Current Interest Rates for Treasury I Bonds

The interest rate for I Bonds is dynamic and changes every six months. The composite rate is a combination of the fixed rate and the semiannual inflation rate. As of May 2026, newly purchased Series I Savings Bonds will pay an annual composite rate of 4.26% through October 31, 2026. This rate includes a fixed rate of 0.90% and a variable inflation rate of 3.34%. These rates can fluctuate based on economic conditions.

Frequently Asked Questions about Treasury I Bonds

Q: Are Treasury I Bonds safe? A: Yes, Treasury I Bonds are considered very safe because they are backed by the full faith and credit of the U.S. government. Your principal is protected, and the interest rate will never fall below zero.

Q: How much can I invest in Treasury I Bonds? A: Individuals can purchase up to $10,000 in electronic I Bonds per calendar year through TreasuryDirect.gov.

Q: When can I redeem my Treasury I Bonds? A: You must hold your I Bond for at least 12 months before redemption. If redeemed within five years, you will forfeit the last three months of interest.

Q: How is the interest rate on I Bonds determined? A: The interest rate is a composite of a fixed rate (set at purchase) and a variable inflation rate (adjusted every six months based on CPI-U).

Q: Are I Bonds taxable? A: The interest earned is exempt from state and local taxes. Federal income tax is deferred until redemption or maturity, and may be waived if used for qualified education expenses.

Conclusion

Treasury I Bonds offer a compelling combination of safety, inflation protection, and attractive tax advantages, making them a valuable tool for preserving and growing savings, especially in times of rising prices.
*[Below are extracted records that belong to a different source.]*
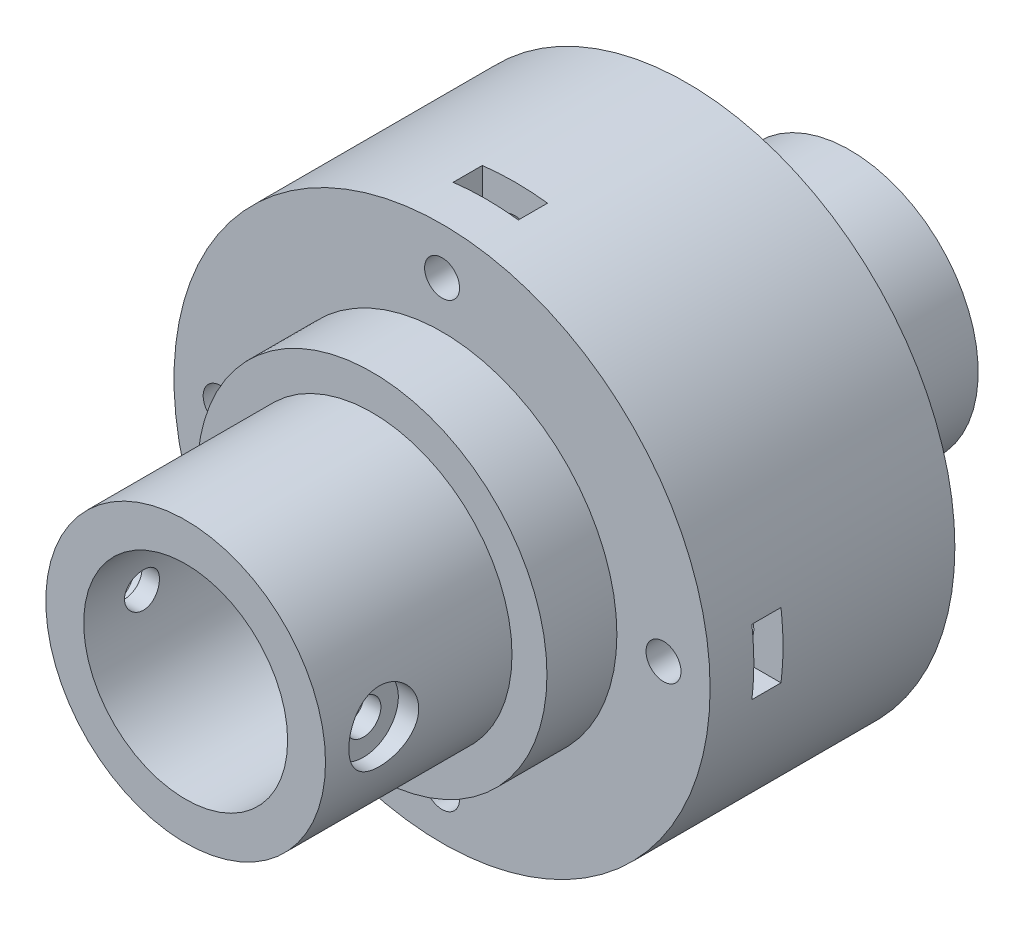
from build123d import *

# Parameters (mm, degrees)
BOSS_EXTRUDE1_DEPTH      = 11
BOSS_EXTRUDE1_DEPTH_BACK = 5
SKETCH1_R                = 15
SKETCH1_R_2              = 13
BOSS_EXTRUDE2_DEPTH      = 5
BOSS_EXTRUDE2_DEPTH_BACK = 10
SKETCH2_R                = 23
SKETCH2_R_2              = 8.75
SKETCH6_R                = 1.5
CUT_EXTRUDE1_DEPTH       = 23
CUT_EXTRUDE2_DEPTH       = 1.25
CUT_EXTRUDE2_DEPTH_BACK  = 1.25
SKETCH13_R               = 13
SKETCH13_R_2             = 8.75
BOSS_EXTRUDE5_DEPTH      = 6
SKETCH14_R               = 12
SKETCH14_R_2             = 8.75
BOSS_EXTRUDE6_DEPTH      = 16
BOSS_EXTRUDE7_START      = 20
SKETCH17_R               = 11
SKETCH17_R_2             = 8.75
BOSS_EXTRUDE7_DEPTH      = 20
CUT_EXTRUDE3_DEPTH       = 57
CUT_EXTRUDE3_DEPTH_BACK  = 57
SKETCH18_R               = 1.5
SKETCH19_R               = 3
CUT_EXTRUDE4_DEPTH       = 14
BOSS_EXTRUDE8_START      = 6
SKETCH20_R               = 23
SKETCH20_R_2             = 11
BOSS_EXTRUDE8_DEPTH      = 6


with BuildPart() as part:
    # Sketch1 → Boss-Extrude1 (new, two sides: drawn at the far end of the back side and taken through both)
    with BuildSketch(Plane.XY.offset(-BOSS_EXTRUDE1_DEPTH_BACK)):
        Circle(SKETCH1_R)
        Circle(SKETCH1_R_2, mode=Mode.SUBTRACT)
    extrude(amount=BOSS_EXTRUDE1_DEPTH + BOSS_EXTRUDE1_DEPTH_BACK)

    # Sketch2 → Boss-Extrude2 (add, two sides: drawn at the far end of the back side and taken through both)
    with BuildSketch(Plane.XY.offset(-BOSS_EXTRUDE2_DEPTH_BACK)):
        Circle(SKETCH2_R)
        Circle(SKETCH2_R_2, mode=Mode.SUBTRACT)
    extrude(amount=BOSS_EXTRUDE2_DEPTH + BOSS_EXTRUDE2_DEPTH_BACK)

    # Sketch6 → Cut-Extrude1 (cut)
    with BuildSketch(Plane.XY.offset(5)):
        with Locations((0, 19)):
            Circle(SKETCH6_R)
        with Locations((19, 0)):
            Circle(SKETCH6_R)
        with Locations((0, -19)):
            Circle(SKETCH6_R)
        with Locations((-19, 0)):
            Circle(SKETCH6_R)
    extrude(amount=-CUT_EXTRUDE1_DEPTH, mode=Mode.SUBTRACT)

    # Sketch9 → Cut-Extrude2 (cut, two sides: drawn at the far end of the back side and taken through both)
    with BuildSketch(Plane.XY.offset(-CUT_EXTRUDE2_DEPTH_BACK)):
        Polygon((-2.8, 20.616580754), (-2.8, 26.448707706), (2.8, 26.448707706), (2.8, 20.616580754), (2.8, 17.383419246), (0, 15.766838493), (-2.8, 17.383419246), align=None)
        Polygon((20.616580754, 2.8), (26.448707706, 2.8), (26.448707706, -2.8), (20.616580754, -2.8), (17.383419246, -2.8), (15.766838493, 0), (17.383419246, 2.8), align=None)
        Polygon((2.8, -20.616580754), (2.8, -26.448707706), (-2.8, -26.448707706), (-2.8, -20.616580754), (-2.8, -17.383419246), (0, -15.766838493), (2.8, -17.383419246), align=None)
        Polygon((-20.616580754, -2.8), (-26.448707706, -2.8), (-26.448707706, 2.8), (-20.616580754, 2.8), (-17.383419246, 2.8), (-15.766838493, 0), (-17.383419246, -2.8), align=None)
    extrude(amount=CUT_EXTRUDE2_DEPTH + CUT_EXTRUDE2_DEPTH_BACK, mode=Mode.SUBTRACT)

    # Sketch13 → Boss-Extrude5 (add)
    with BuildSketch(Plane.XY.offset(5)):
        Circle(SKETCH13_R)
        Circle(SKETCH13_R_2, mode=Mode.SUBTRACT)
    extrude(amount=BOSS_EXTRUDE5_DEPTH)

    # Sketch14 → Boss-Extrude6 (add)
    with BuildSketch(Plane.XY.offset(11)):
        Circle(SKETCH14_R)
        Circle(SKETCH14_R_2, mode=Mode.SUBTRACT)
    extrude(amount=BOSS_EXTRUDE6_DEPTH)

    # Sketch17 → Boss-Extrude7 (add)
    with BuildSketch(Plane(origin=(0, 0, -10), x_dir=(-1, 0, 0), z_dir=(0, 0, -1)).offset(BOSS_EXTRUDE7_START)):
        with Locations(Location((0, 0, 0), (0, 0, 180))):
            Circle(SKETCH17_R)
        with Locations(Location((0, 0, 0), (0, 0, 180))):
            Circle(SKETCH17_R_2, mode=Mode.SUBTRACT)
    extrude(amount=-BOSS_EXTRUDE7_DEPTH)

    # Sketch18 → Cut-Extrude3 (cut, two sides: drawn at the far end of the back side and taken through both)
    with BuildSketch(Plane(origin=(0, 0, 0), x_dir=(0, 0, -1), z_dir=(1, 0, 0)).offset(-CUT_EXTRUDE3_DEPTH_BACK)):
        with Locations(Location((-22, 0, 0), (0, 0, 180))):
            Circle(SKETCH18_R)
    extrude(amount=CUT_EXTRUDE3_DEPTH + CUT_EXTRUDE3_DEPTH_BACK, mode=Mode.SUBTRACT)

    # Sketch19 → Cut-Extrude4 (cut)
    with BuildSketch(Plane(origin=(10.25, 0, 0), x_dir=(0, 0, -1), z_dir=(1, 0, 0))):
        with Locations((-22, 0)):
            Circle(SKETCH19_R)
    cut_extrude4 = extrude(amount=CUT_EXTRUDE4_DEPTH, mode=Mode.SUBTRACT)

    # Mirror1: Cut-Extrude4 across plane
    add(cut_extrude4.mirror(Plane(origin=(0, 0, 0), x_dir=(0, 0, 1), z_dir=(1, 0, 0))), mode=Mode.SUBTRACT)

    # Sketch20 → Boss-Extrude8 (add)
    with BuildSketch(Plane(origin=(0, 0, -10), x_dir=(-1, 0, 0), z_dir=(0, 0, -1)).offset(BOSS_EXTRUDE8_START)):
        with Locations(Location((0, 0, 0), (0, 0, 180))):
            Circle(SKETCH20_R)
        Circle(SKETCH20_R_2, mode=Mode.SUBTRACT)
    extrude(amount=-BOSS_EXTRUDE8_DEPTH)


solid = part.part
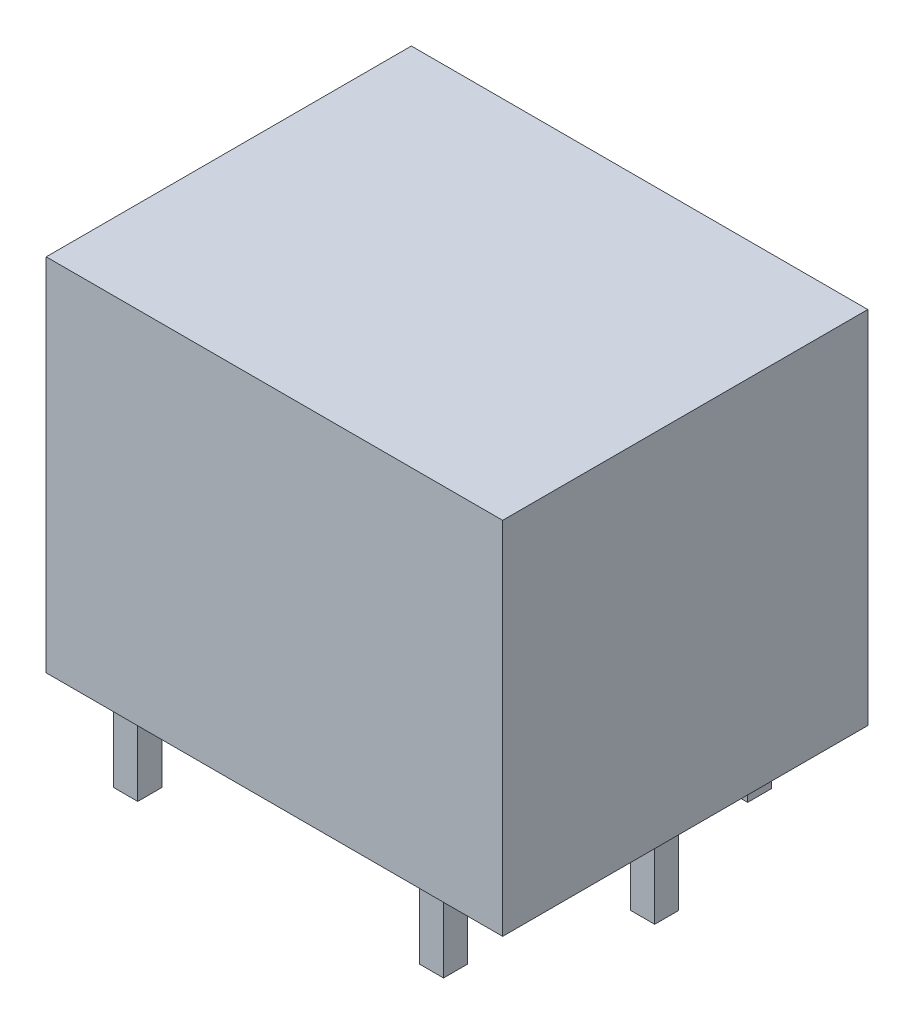
from build123d import *

# Parameters (mm, degrees)
SKETCH_1_W      = 19
SKETCH_1_H      = 15.2
EXTRUDE_1_DEPTH = 15
SKETCH_2_W      = 1
SKETCH_2_H      = 1
EXTRUDE_2_DEPTH = 3.5


with BuildPart() as part:
    # 草图1 → 拉伸1 (new body)
    with BuildSketch(Plane(origin=(0, 0, 0), x_dir=(1, 0, 0), z_dir=(0, 1, 0))):
        Rectangle(SKETCH_1_W, SKETCH_1_H)
    extrude(amount=EXTRUDE_1_DEPTH)

    # 草图2 → 拉伸2 (add)
    with BuildSketch(Plane.XZ):
        with Locations((8.23, 0)):
            Rectangle(SKETCH_2_W, SKETCH_2_H)
        with Locations((5.77, 6.33)):
            Rectangle(SKETCH_2_W, SKETCH_2_H)
        with Locations((-6.96, 6.33)):
            Rectangle(SKETCH_2_W, SKETCH_2_H)
        with Locations((-6.96, -6.33)):
            Rectangle(SKETCH_2_W, SKETCH_2_H)
        with Locations((5.77, -6.33)):
            Rectangle(SKETCH_2_W, SKETCH_2_H)
    extrude(amount=EXTRUDE_2_DEPTH)


solid = part.part
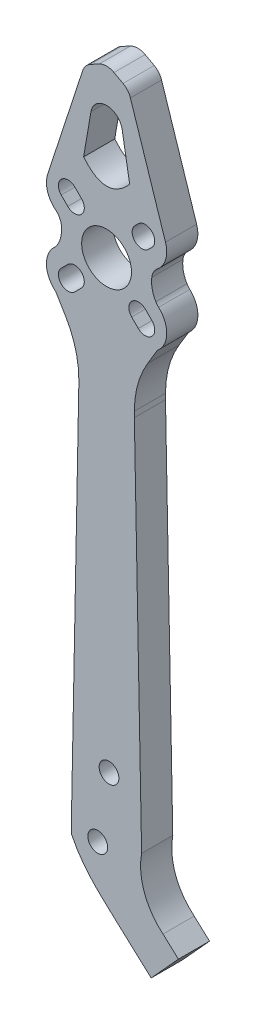
from build123d import *

# Parameters (mm, degrees)
CROQUIS1_R              = 1.59
CROQUIS1_R_2            = 1.5875
CROQUIS1_R_3            = 4
SALIENTE_EXTRUIR1_DEPTH = 5


with BuildPart() as part:
    # Croquis1 → Saliente-Extruir1 (new body)
    with BuildSketch(Plane.XY):
        with BuildLine():
            ThreePointArc((1.193677036, 26.351337281), (0.615813463, 26.577686227), (0, 26.654718258))
            ThreePointArc((0, 26.654718258), (-0.615813463, 26.577686227), (-1.193677036, 26.351337281))
            Line((-1.193677036, 26.351337281), (-2.643396871, 25.563536913))
            ThreePointArc((-2.643396871, 25.563536913), (-3.37085174, 24.966684186), (-3.826144074, 24.143196083))
            Line((-3.826144074, 24.143196083), (-9.459133033, 6.898899359))
            ThreePointArc((-9.459133033, 6.898899359), (-9.492428214, 4.521789334), (-8.170864273, 2.54562401))
            ThreePointArc((-8.170864273, 2.54562401), (-7.560847643, 1.822599507), (-7.263149059, 0.924679537))
            ThreePointArc((-7.263149059, 0.924679537), (-7.323699332, -0.668363985), (-7.905472696, -2.152612532))
            ThreePointArc((-7.905472696, -2.152612532), (-8.1122929, -2.44647205), (-8.359106022, -2.707644973))
            ThreePointArc((-8.359106022, -2.707644973), (-9.655003955, -5.778505112), (-8.174803271, -8.764897481))
            Line((-8.174803271, -8.764897481), (-6.609038667, -11.365635857))
            ThreePointArc((-6.609038667, -11.365635857), (-5.007106824, -15.087530614), (-4.459817284, -19.102398031))
            Line((-4.459817284, -19.102398031), (-4.459817284, -20))
            Line((-4.459817284, -20), (-5.626230736, -80))
            Line((-5.626230736, -80), (-5.626230736, -82.958659211))
            add(Edge.make_bspline(
                [(-5.626230736, -82.958659211), (-3.957996586, -86.469029482), (-1.373693138, -88.776535361), (1.33959564, -91.266262586)],
                knots=[0, 0, 0, 0, 0.775055833, 0.775055833, 0.775055833, 0.775055833], degree=3))
            Line((1.33959564, -91.266262586), (7.160508284, -96.56338139))
            Line((7.160508284, -96.56338139), (11.535313635, -91.755983118))
            Line((11.535313635, -91.755983118), (9.058275941, -89.496367102))
            ThreePointArc((9.058275941, -89.496367102), (6.055620379, -85.213180579), (5.626230736, -80))
            Line((5.626230736, -80), (4.459817284, -20))
            Line((4.459817284, -20), (4.459817284, -19.102398031))
            ThreePointArc((4.459817284, -19.102398031), (5.007106824, -15.087530614), (6.609038667, -11.365635857))
            Line((6.609038667, -11.365635857), (8.174803271, -8.764897481))
            ThreePointArc((8.174803271, -8.764897481), (9.655003955, -5.778505112), (8.359106022, -2.707644973))
            ThreePointArc((8.359106022, -2.707644973), (8.1122929, -2.44647205), (7.905472696, -2.152612532))
            ThreePointArc((7.905472696, -2.152612532), (7.323699332, -0.668363985), (7.263149059, 0.924679537))
            ThreePointArc((7.263149059, 0.924679537), (7.560847643, 1.822599507), (8.170864273, 2.54562401))
            ThreePointArc((8.170864273, 2.54562401), (9.492428214, 4.521789334), (9.459133033, 6.898899359))
            Line((9.459133033, 6.898899359), (3.826144074, 24.143196083))
            ThreePointArc((3.826144074, 24.143196083), (3.37085174, 24.966684186), (2.643396871, 25.563536913))
            Line((2.643396871, 25.563536913), (1.193677036, 26.351337281))
        make_face()
        with Locations((-1.416184287, -81.918657321)):
            Circle(CROQUIS1_R, mode=Mode.SUBTRACT)
        with Locations((0.39268377, -71.387686118)):
            Circle(CROQUIS1_R_2, mode=Mode.SUBTRACT)
        with BuildLine():
            ThreePointArc((-5.091168825, -7.283199846), (-7.283199846, -7.283199846), (-7.283199846, -5.091168825))
            Line((-7.283199846, -5.091168825), (-6.222539674, -4.030508653))
            ThreePointArc((-6.222539674, -4.030508653), (-4.030508653, -4.030508653), (-4.030508653, -6.222539674))
            Line((-4.030508653, -6.222539674), (-5.091168825, -7.283199846))
        make_face(mode=Mode.SUBTRACT)
        with BuildLine():
            ThreePointArc((-7.283199846, 5.091168825), (-7.283199846, 7.283199846), (-5.091168825, 7.283199846))
            Line((-5.091168825, 7.283199846), (-4.030508653, 6.222539674))
            ThreePointArc((-4.030508653, 6.222539674), (-4.030508653, 4.030508653), (-6.222539674, 4.030508653))
            Line((-6.222539674, 4.030508653), (-7.283199846, 5.091168825))
        make_face(mode=Mode.SUBTRACT)
        Circle(CROQUIS1_R_3, mode=Mode.SUBTRACT)
        with BuildLine():
            Line((-3.690213899, 12.181248638), (-2.502144822, 19.079689902))
            ThreePointArc((-2.502144822, 19.079689902), (-1.635896096, 20.590481825), (0, 21.187744795))
            ThreePointArc((0, 21.187744795), (1.635896096, 20.590481825), (2.502144822, 19.079689902))
            Line((2.502144822, 19.079689902), (3.707704632, 12.079689902))
            add(Edge.make_bspline(
                [(3.707704632, 12.079689902), (-0.039943984, 7.807746472), (-3.690213899, 12.181248638)],
                knots=[0.502108549, 0.502108549, 0.502108549, 1.502108549, 1.502108549, 1.502108549], degree=2))
        make_face(mode=Mode.SUBTRACT)
        with BuildLine():
            ThreePointArc((7.283199846, -5.091168825), (7.283199846, -7.283199846), (5.091168825, -7.283199846))
            Line((5.091168825, -7.283199846), (4.030508653, -6.222539674))
            ThreePointArc((4.030508653, -6.222539674), (4.030508653, -4.030508653), (6.222539674, -4.030508653))
            Line((6.222539674, -4.030508653), (7.283199846, -5.091168825))
        make_face(mode=Mode.SUBTRACT)
        with BuildLine():
            Line((4.560838717, 6.752869739), (5.091168825, 7.283199846))
            ThreePointArc((5.091168825, 7.283199846), (7.283199846, 7.283199846), (7.283199846, 5.091168825))
            Line((7.283199846, 5.091168825), (6.752869872, 4.56083885))
            ThreePointArc((6.752869872, 4.56083885), (4.560838805, 4.560838672), (4.560838717, 6.752869739))
        make_face(mode=Mode.SUBTRACT)
    extrude(amount=SALIENTE_EXTRUIR1_DEPTH)


solid = part.part
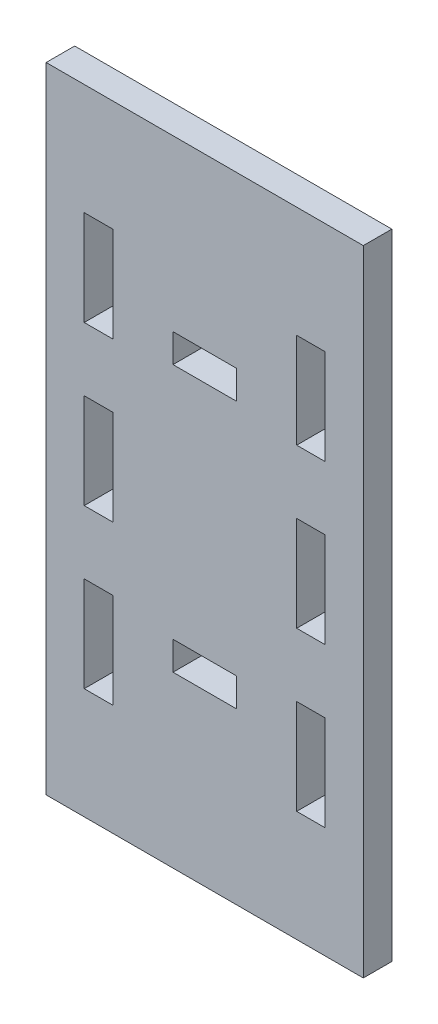
from build123d import *

# Parameters (mm, degrees)
MODEL_W             = 100
MODEL_H             = 200
MODEL_W_2           = 20
MODEL_H_2           = 9
MODEL_W_3           = 9
MODEL_H_3           = 30
BOSS_EXTRUDE1_DEPTH = 9


with BuildPart() as part:
    # Model → Boss-Extrude1 (new body)
    with BuildSketch(Plane.XY):
        with Locations((50, 100)):
            Rectangle(MODEL_W, MODEL_H)
        with Locations((50, 58)):
            Rectangle(MODEL_W_2, MODEL_H_2, mode=Mode.SUBTRACT)
        with Locations((50, 142)):
            Rectangle(MODEL_W_2, MODEL_H_2, mode=Mode.SUBTRACT)
        with Locations((16.5, 150)):
            Rectangle(MODEL_W_3, MODEL_H_3, mode=Mode.SUBTRACT)
        with Locations((16.5, 100)):
            Rectangle(MODEL_W_3, MODEL_H_3, mode=Mode.SUBTRACT)
        with Locations((16.5, 50)):
            Rectangle(MODEL_W_3, MODEL_H_3, mode=Mode.SUBTRACT)
        with Locations((83.5, 50)):
            Rectangle(MODEL_W_3, MODEL_H_3, mode=Mode.SUBTRACT)
        with Locations((83.5, 100)):
            Rectangle(MODEL_W_3, MODEL_H_3, mode=Mode.SUBTRACT)
        with Locations((83.5, 150)):
            Rectangle(MODEL_W_3, MODEL_H_3, mode=Mode.SUBTRACT)
    extrude(amount=BOSS_EXTRUDE1_DEPTH)


solid = part.part

While they come with liquidity limitations and specific redemption rules, their ability to safeguard purchasing power and provide tax deferral makes them a unique and beneficial component of a well-rounded financial strategy. By understanding how they work and adhering to the purchase and redemption guidelines, investors can effectively leverage I Bonds to protect their financial future.